** Opening SUPPLIED INFORMATION block **

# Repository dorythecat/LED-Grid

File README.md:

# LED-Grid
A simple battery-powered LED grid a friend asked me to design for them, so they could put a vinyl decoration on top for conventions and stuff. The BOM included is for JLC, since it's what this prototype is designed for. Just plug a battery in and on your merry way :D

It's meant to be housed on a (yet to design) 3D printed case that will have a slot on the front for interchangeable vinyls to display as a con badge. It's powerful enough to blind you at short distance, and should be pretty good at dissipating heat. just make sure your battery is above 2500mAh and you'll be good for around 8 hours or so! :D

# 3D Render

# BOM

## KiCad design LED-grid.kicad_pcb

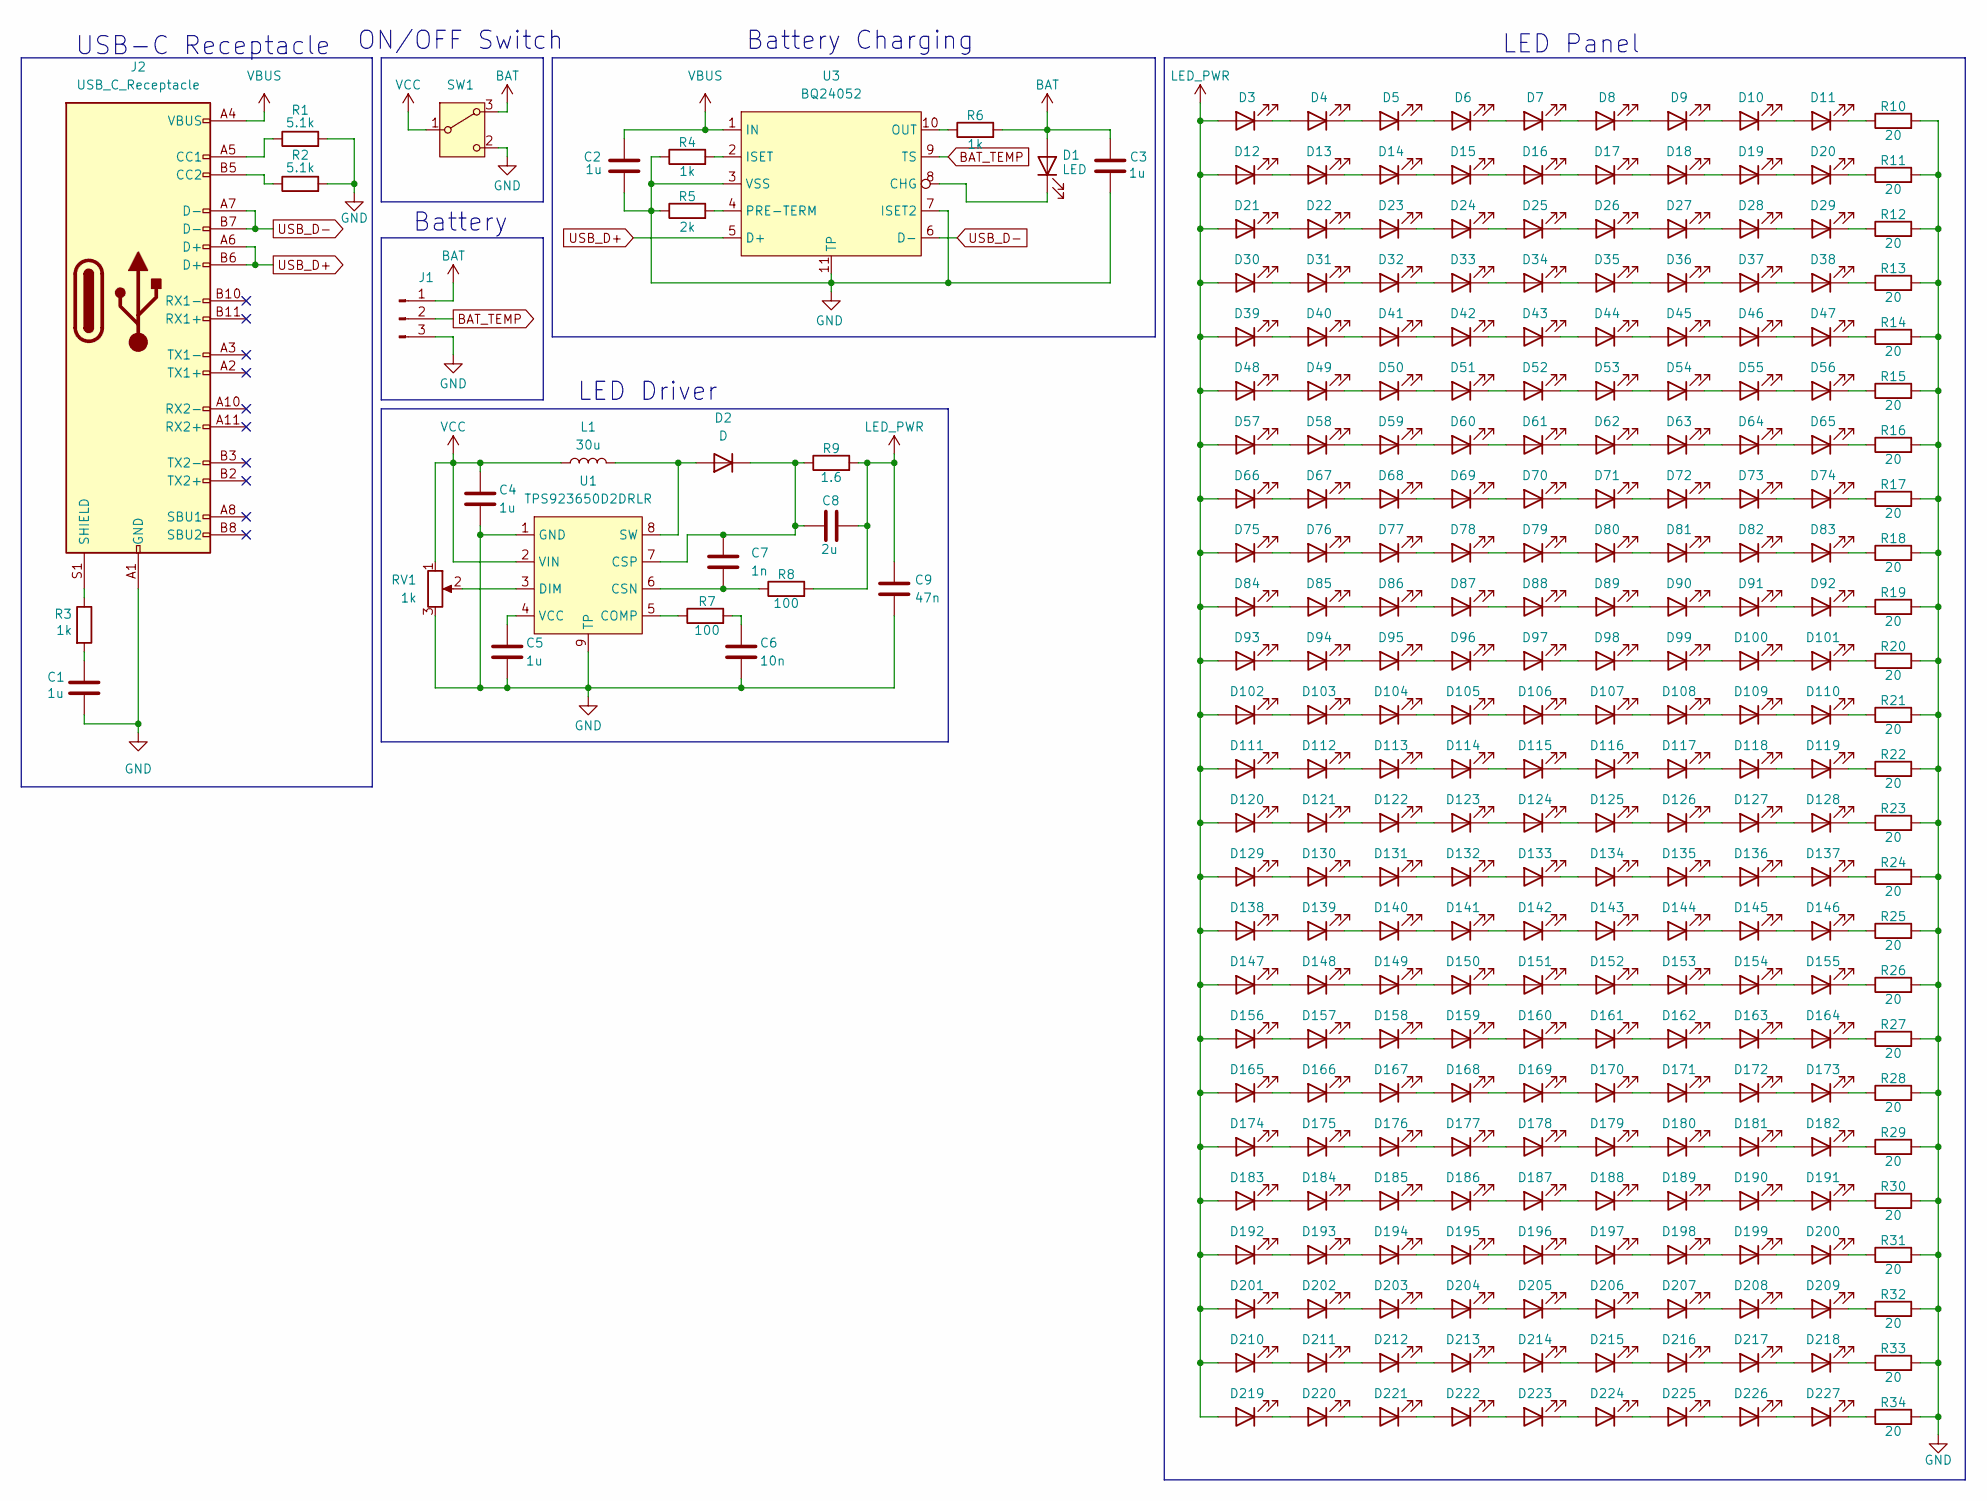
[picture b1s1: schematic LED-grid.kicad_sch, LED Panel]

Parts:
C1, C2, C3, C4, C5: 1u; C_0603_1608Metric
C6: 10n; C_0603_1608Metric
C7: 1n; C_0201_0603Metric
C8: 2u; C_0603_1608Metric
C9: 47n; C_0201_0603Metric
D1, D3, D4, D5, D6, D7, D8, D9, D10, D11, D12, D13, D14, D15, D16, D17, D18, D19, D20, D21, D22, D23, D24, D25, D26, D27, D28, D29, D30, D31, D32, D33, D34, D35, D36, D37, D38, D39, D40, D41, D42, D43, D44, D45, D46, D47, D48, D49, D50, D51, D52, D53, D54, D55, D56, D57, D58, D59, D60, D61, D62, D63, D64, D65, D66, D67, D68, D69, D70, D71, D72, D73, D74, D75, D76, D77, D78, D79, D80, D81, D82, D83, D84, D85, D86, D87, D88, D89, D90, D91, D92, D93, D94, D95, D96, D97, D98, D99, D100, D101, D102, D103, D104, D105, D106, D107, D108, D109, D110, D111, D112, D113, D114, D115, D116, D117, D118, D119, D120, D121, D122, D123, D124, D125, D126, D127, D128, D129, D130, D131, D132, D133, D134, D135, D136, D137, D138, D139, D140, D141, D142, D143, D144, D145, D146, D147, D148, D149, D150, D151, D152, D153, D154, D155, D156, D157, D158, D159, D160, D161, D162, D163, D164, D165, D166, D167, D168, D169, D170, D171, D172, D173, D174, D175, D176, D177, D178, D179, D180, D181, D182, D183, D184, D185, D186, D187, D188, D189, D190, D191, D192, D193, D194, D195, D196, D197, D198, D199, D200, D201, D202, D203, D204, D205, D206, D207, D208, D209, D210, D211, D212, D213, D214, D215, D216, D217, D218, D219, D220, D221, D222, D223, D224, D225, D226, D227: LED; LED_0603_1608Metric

** Closing SUPPLIED INFORMATION block **

Please work out how many lines above contain the string "battery", and reply with that number alone.

2